Exercise directions: Once you find the line with "- moved C1 73.4" in the data that follows, repeat it and every line after it exactly, through the line with "- SW17 pad 1: (no net) -> COL3".

Records excerpted from a collection:
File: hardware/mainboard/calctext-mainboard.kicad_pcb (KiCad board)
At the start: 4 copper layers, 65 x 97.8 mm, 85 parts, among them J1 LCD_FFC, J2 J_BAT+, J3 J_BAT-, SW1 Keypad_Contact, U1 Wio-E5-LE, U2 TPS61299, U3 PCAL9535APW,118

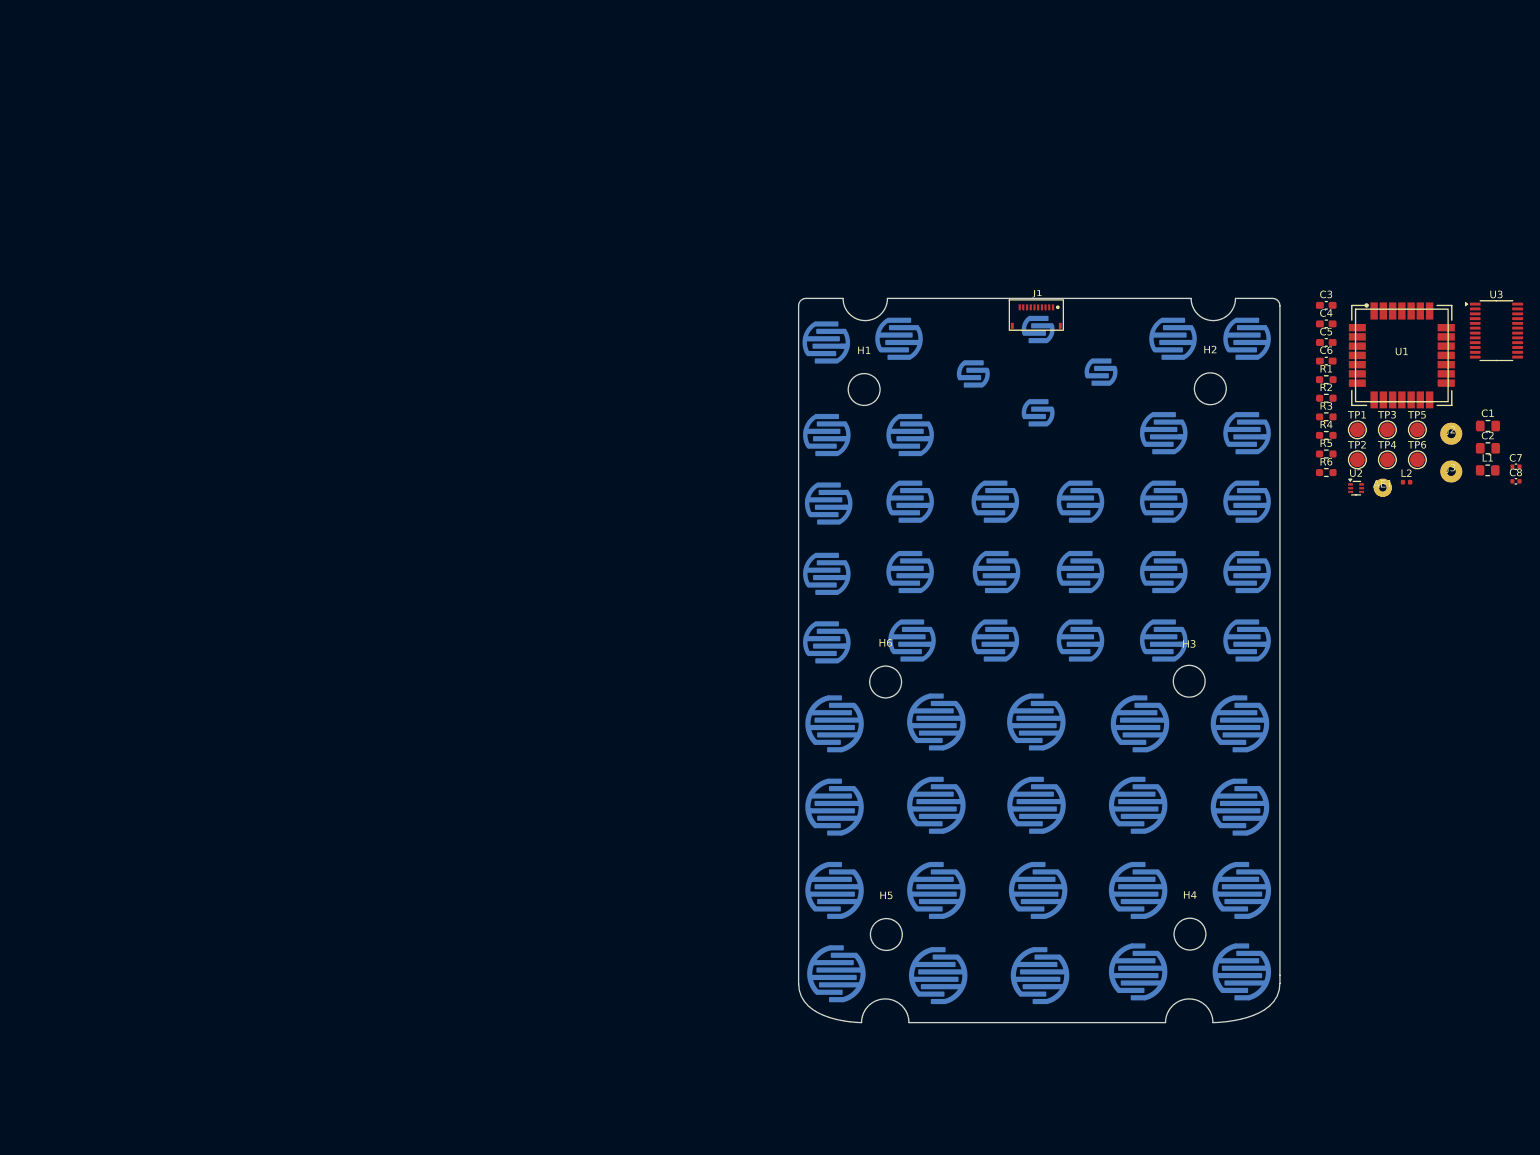
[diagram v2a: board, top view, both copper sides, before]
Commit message: Complete mainboard PCB layout
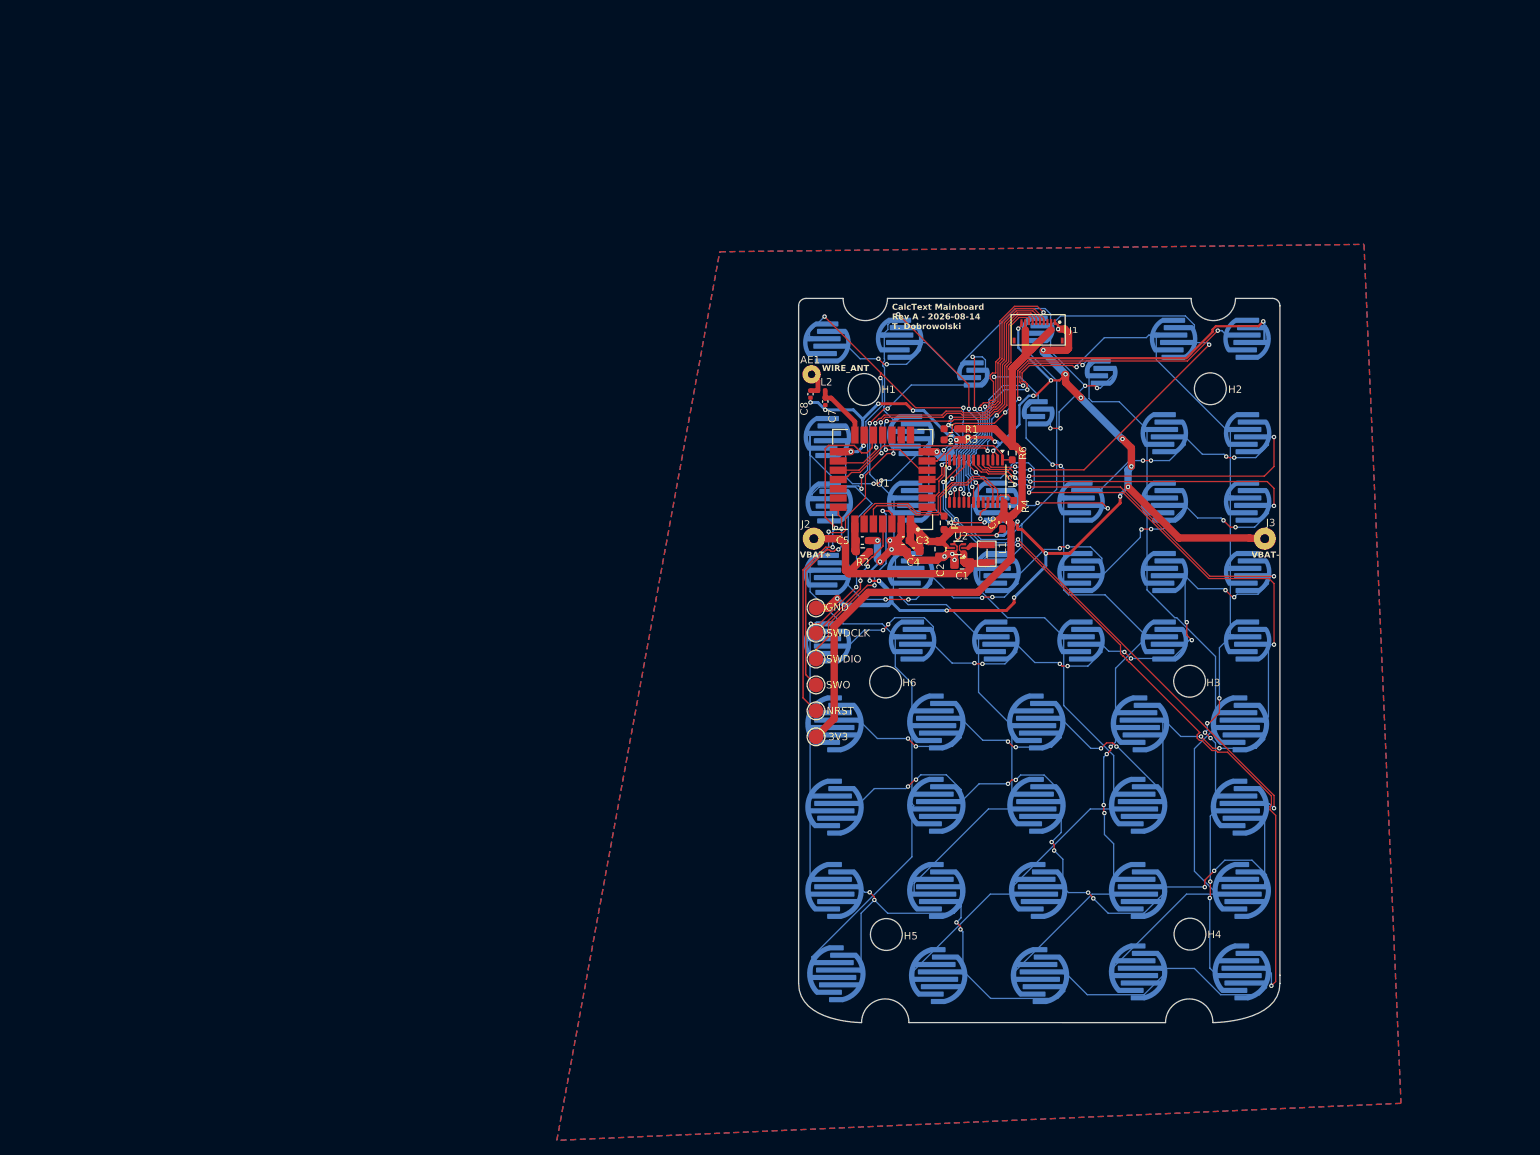
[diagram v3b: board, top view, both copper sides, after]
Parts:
- L1: footprint Inductor_SMD:L_0805_2012Metric_Pad1.15x1.40mm_HandSolder -> CalcText:L_INPAQ_WIP252010
- SW10, SW11, SW12, SW17, SW18, SW19, SW2, SW24, SW25, SW26, SW3, SW31, SW32, SW33, SW38, SW39, SW4, SW40, SW44, SW45, SW46, SW47, SW48, SW5, SW9: renamed from REF**; value keypad_trace_button_medium -> Keypad_Contact
- SW13, SW14, SW15, SW20, SW21, SW22, SW27, SW28, SW29, SW34, SW35, SW36, SW41, SW42, SW43, SW49, SW50, SW6, SW7, SW8: renamed from REF**; value keypad_trace_button_large -> Keypad_Contact
- SW16, SW23, SW30, SW37: renamed from REF**; value keypad_trace_button_small -> Keypad_Contact
- moved C8 96.0 mm to (120.2, 65.2), turned to -90 degrees
- moved C7 93.7 mm to (122.2, 66.2), turned to -90 degrees
- moved TP5 91.2 mm to (121.0, 111.5)
- moved J2 87.2 mm to (120.7, 84.8)
- moved TP3 86.0 mm to (121.0, 108.0)
- moved TP6 83.6 mm to (121.0, 94.1)
- moved TP4 82.9 mm to (121.0, 104.5)
- moved L2 80.0 mm to (121.7, 64.8), turned to 180 degrees
- moved TP1 79.4 mm to (121.0, 101.0)
- moved AE1 78.7 mm to (120.4, 62.5)
- moved TP2 76.8 mm to (121.0, 97.5)
- moved C2 75.2 mm to (137.8, 86.2), turned to -90 degrees
- moved C1 73.4 mm to (140.7, 88.1), turned to 180 degrees
- moved U3 73.2 mm to (142.6, 77.0), turned to -90 degrees
- moved U1 72.1 mm to (130.0, 76.8), turned to 180 degrees
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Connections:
- SW10 pad 1: (no net) -> COL2
- SW10 pad 2: (no net) -> ROW2
- SW11 pad 1: (no net) -> COL2
- SW11 pad 2: (no net) -> ROW3
- SW12 pad 1: (no net) -> COL2
- SW12 pad 2: (no net) -> ROW4
- SW13 pad 1: (no net) -> COL2
- SW13 pad 2: (no net) -> ROW5
- SW14 pad 1: (no net) -> COL2
- SW14 pad 2: (no net) -> ROW6
- SW15 pad 1: (no net) -> COL2
- SW15 pad 2: (no net) -> ROW7
- SW16 pad 1: (no net) -> COL3
- SW16 pad 2: (no net) -> ROW1
- SW17 pad 1: (no net) -> COL3
- SW17 pad 2: (no net) -> ROW2
- SW18 pad 1: (no net) -> COL3
- SW18 pad 2: (no net) -> ROW3
- SW19 pad 1: (no net) -> COL3
- SW19 pad 2: (no net) -> ROW4
- SW2 pad 1: (no net) -> COL1
- SW2 pad 2: (no net) -> ROW1
- SW20 pad 1: (no net) -> COL3
- SW20 pad 2: (no net) -> ROW5
- SW21 pad 1: (no net) -> COL3
- SW21 pad 2: (no net) -> ROW6
- SW22 pad 1: (no net) -> COL3
- SW22 pad 2: (no net) -> ROW7
- SW23 pad 1: (no net) -> COL4
- SW23 pad 2: (no net) -> ROW1
- SW24 pad 1: (no net) -> COL4
- SW24 pad 2: (no net) -> ROW2
- SW25 pad 1: (no net) -> COL4
- SW25 pad 2: (no net) -> ROW3
- SW26 pad 1: (no net) -> COL4
- SW26 pad 2: (no net) -> ROW4
- SW27 pad 1: (no net) -> COL4
- SW27 pad 2: (no net) -> ROW5
- SW28 pad 1: (no net) -> COL4
- SW28 pad 2: (no net) -> ROW6
- SW29 pad 1: (no net) -> COL4
- SW29 pad 2: (no net) -> ROW7
- SW3 pad 1: (no net) -> COL1
- SW3 pad 2: (no net) -> ROW2
- SW30 pad 1: (no net) -> COL5
- SW30 pad 2: (no net) -> ROW1
- SW31 pad 1: (no net) -> COL5
- SW31 pad 2: (no net) -> ROW2
- SW32 pad 1: (no net) -> COL5
- SW32 pad 2: (no net) -> ROW3
- SW33 pad 1: (no net) -> COL5
- SW33 pad 2: (no net) -> ROW4
- SW34 pad 1: (no net) -> COL5
- SW34 pad 2: (no net) -> ROW5
- SW35 pad 1: (no net) -> COL5
- SW35 pad 2: (no net) -> ROW6
- SW36 pad 1: (no net) -> COL5
- SW36 pad 2: (no net) -> ROW7
- SW37 pad 1: (no net) -> COL6
- SW37 pad 2: (no net) -> ROW1
- SW38 pad 1: (no net) -> COL6
- SW38 pad 2: (no net) -> ROW2
- SW39 pad 1: (no net) -> COL6
- SW39 pad 2: (no net) -> ROW3
- SW4 pad 1: (no net) -> COL1
- SW4 pad 2: (no net) -> ROW3
- SW40 pad 1: (no net) -> COL6
- SW40 pad 2: (no net) -> ROW4
- SW41 pad 1: (no net) -> COL6
- SW41 pad 2: (no net) -> ROW5
- SW42 pad 1: (no net) -> COL6
- SW42 pad 2: (no net) -> ROW6
- SW43 pad 1: (no net) -> COL6
- SW43 pad 2: (no net) -> ROW7
- SW44 pad 1: (no net) -> COL7
- SW44 pad 2: (no net) -> ROW1
- SW45 pad 1: (no net) -> COL7
- SW45 pad 2: (no net) -> ROW2
- SW46 pad 1: (no net) -> COL7
- SW46 pad 2: (no net) -> ROW3
- SW47 pad 1: (no net) -> COL7
- SW47 pad 2: (no net) -> ROW4
- SW48 pad 1: (no net) -> COL7
- SW48 pad 2: (no net) -> ROW5
- SW49 pad 1: (no net) -> COL7
- SW49 pad 2: (no net) -> ROW6
- SW5 pad 1: (no net) -> COL1
- SW5 pad 2: (no net) -> ROW4
- SW50 pad 1: (no net) -> COL7
- SW50 pad 2: (no net) -> ROW7
- SW6 pad 1: (no net) -> COL1
- SW6 pad 2: (no net) -> ROW5
- SW7 pad 1: (no net) -> COL1
- SW7 pad 2: (no net) -> ROW6
- SW8 pad 1: (no net) -> COL1
- SW8 pad 2: (no net) -> ROW7
- SW9 pad 1: (no net) -> COL2
- SW9 pad 2: (no net) -> ROW1
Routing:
- net GND: track 0.00 -> 238.5 mm, vias 0 -> 39
- net ROW7: track 0.00 -> 192.7 mm, vias 0 -> 7
- net COL4: track 0.00 -> 173.7 mm, vias 0 -> 3
- net ROW6: track 0.00 -> 166.3 mm, vias 0 -> 13
- net 3V3: track 0.00 -> 164.0 mm, vias 0 -> 1
- net ROW5: track 0.00 -> 159.8 mm, vias 0 -> 11
- net COL1: track 0.00 -> 146.0 mm, vias 0 -> 8
- net COL2: track 0.00 -> 143.8 mm, vias 0 -> 5
- net COL6: track 0.00 -> 138.7 mm, vias 0 -> 3
- net COL7: track 0.00 -> 137.9 mm, vias 0 -> 9
- net ROW2: track 0.00 -> 133.5 mm, vias 0 -> 13
- net ROW3: track 0.00 -> 130.7 mm, vias 0 -> 13
- net ROW4: track 0.00 -> 130.3 mm, vias 0 -> 15
- net ROW1: track 0.00 -> 128.9 mm, vias 0 -> 9
- net COL5: track 0.00 -> 126.6 mm, vias 0 -> 9
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- added copper zone on B.Cu, net GND
- added copper zone on F.Cu, net GND
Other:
- board text added: "CalcText Mainboard Rev A - 2026-08-14 T. Dobrowolski"
- board text added: "VBAT+"
- board text added: "VBAT-"
- board text added: "WIRE_ANT"
- board text removed: "H3"

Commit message: Refine hardware for fabrication and procurement
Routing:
- net GND: track 238.5 -> 238.3 mm, vias 39 -> 38
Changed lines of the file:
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@@
 		)
 		(pad_to_mask_clearance 0)
-		(solder_mask_min_width 0.12)
 		(allow_soldermask_bridges_in_footprints no)
 		(tenting front back)
 		(pcbplotparams
-			(layerselection 0x00000000_00000000_55555555_57555500)
+			(layerselection 0x00000000_00000000_55555555_575555af)
 			(plot_on_all_layers_selection 0x00000000_00000000_00000000_00000000)
 			(disableapertmacros no)
@@
 			(plotpadnumbers no)
 			(hidednponfab no)
-			(sketchdnponfab yes)
-			(crossoutdnponfab yes)
+			(sketchdnponfab no)
+			(crossoutdnponfab no)
 			(subtractmaskfromsilk yes)
-			(outputformat 3)
+			(outputformat 1)
 			(mirror no)
-			(drillshape 1)
+			(drillshape 0)
 			(scaleselection 1)
-			(outputdirectory "dxf/")
+			(outputdirectory "gerbers/")
 		)
 	)
@@
 		)
 	)
+	(dimension
+		(type orthogonal)
+		(layer "Cmts.User")
+		(pts
+			(xy 118.65 59.95) (xy 183.65 61.5)
+		)
+		(height -21.25)
+		(orientation 0)
+		(format
+			(prefix "")
+			(suffix "")
+			(units 3)
+			(units_format 0)
+			(precision 4)
+			(suppress_zeroes yes)
+		)
+		(style
+			(thickness 0.1)
+			(arrow_length 1.27)
+			(text_position_mode 0)
+			(arrow_direction outward)
+			(extension_height 0.58642)
+			(extension_offset 0.5)
+			(keep_text_aligned yes)
+		)
+		(gr_text "65"
+			(at 151.15 37.55 0)
+			(layer "Cmts.User")
+			(effects
+				(font
+					(size 1 1)
+					(thickness 0.15)
+				)
+			)
+		)
+	)
+	(dimension
+		(type orthogonal)
+		(layer "Cmts.User")
+		(pts
+			(xy 137.75 52.3) (xy 137.8 150.1)
+		)
+		(height -41)
+		(orientation 1)
+		(format
+			(prefix "")
+			(suffix "")
+			(units 3)
+			(units_format 0)
+			(precision 4)
+			(suppress_zeroes yes)
+		)
+		(style
+			(thickness 0.1)
+			(arrow_length 1.27)
+			(text_position_mode 0)
+			(arrow_direction outward)
+			(extension_height 0.58642)
+			(extension_offset 0.5)
+			(keep_text_aligned yes)
+		)
+		(gr_text "97.8"
+			(at 95.6 101.2 90)
+			(layer "Cmts.User")
+			(effects
+				(font
+					(size 1 1)
+					(thickness 0.15)
+				)
+			)
+		)
+	)
 	(segment
 		(start 121.25 64.75)
@@
 	)
 	(segment
-		(start 145.4 84.225002)
-		(end 146.2 83.425002)
-		(width 0.2)
-		(layer "F.Cu")
-		(net 3)
-	)
-	(segment
-		(start 145.4 84.3)
-		(end 140.660001 84.3)
-		(width 0.2)
-		(layer "F.Cu")
-		(net 3)
-	)
-	(segment
 		(start 139.4 86.801)
 		(end 139.46 86.801)
@@
 	)
 	(segment
+		(start 146.2 83.425002)
+		(end 145.174002 84.451)
+		(width 0.6)
+		(layer "F.Cu")
+		(net 3)
+	)
+	(segment
 		(start 133.274998 86.5)
 		(end 131.5 86.5)
@@
 	)
 	(segment
-		(start 140.660001 84.3)
-		(end 139.46 85.500001)
-		(width 0.2)
-		(layer "F.Cu")
-		(net 3)
-	)
-	(segment
 		(start 139 75.2)
 		(end 139 74.150001)
@@
 	)
 	(segment
-		(start 145.4 84.3)
-		(end 145.4 84.225002)
-		(width 0.2)
-		(layer "F.Cu")
-		(net 3)
-	)
-	(segment
 		(start 120.25 65.71)
 		(end 120.25 66.35)
@@
 	)
 	(segment
+		(start 145.174002 84.451)
+		(end 140.509001 84.451)
+		(width 0.6)
+		(layer "F.Cu")
+		(net 3)
+	)
+	(segment
 		(start 153.876023 63.371232)
 		(end 154.7 62.547255)
@@
 	)
 	(segment
+		(start 140.509001 84.451)
+		(end 139.561001 85.399)
+		(width 0.6)
+		(layer "F.Cu")
+		(net 3)
+	)
+	(segment
 		(start 150.655 65.445)
 		(end 152.728768 63.371232)
@@
 		(size 0.6)
 		(drill 0.3)
-		(layers "F.Cu" "B.Cu")
-		(net 3)
-	)
-	(via
-		(at 145.4 84.3)
-		(size 0.6)
-		(drill 0.3)

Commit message: Finalise hardware sanity-check cleanup
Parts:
- J1: value LCD_FFC -> FH34SRJ-10S-0.5SH
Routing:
- net ROW7: track 192.7 -> 193.6 mm

Result below:
- moved C1 73.4 mm to (140.7, 88.1), turned to 180 degrees
- moved U3 73.2 mm to (142.6, 77.0), turned to -90 degrees
- moved U1 72.1 mm to (130.0, 76.8), turned to 180 degrees
Connections:
- SW10 pad 1: (no net) -> COL2
- SW10 pad 2: (no net) -> ROW2
- SW11 pad 1: (no net) -> COL2
- SW11 pad 2: (no net) -> ROW3
- SW12 pad 1: (no net) -> COL2
- SW12 pad 2: (no net) -> ROW4
- SW13 pad 1: (no net) -> COL2
- SW13 pad 2: (no net) -> ROW5
- SW14 pad 1: (no net) -> COL2
- SW14 pad 2: (no net) -> ROW6
- SW15 pad 1: (no net) -> COL2
- SW15 pad 2: (no net) -> ROW7
- SW16 pad 1: (no net) -> COL3
- SW16 pad 2: (no net) -> ROW1
- SW17 pad 1: (no net) -> COL3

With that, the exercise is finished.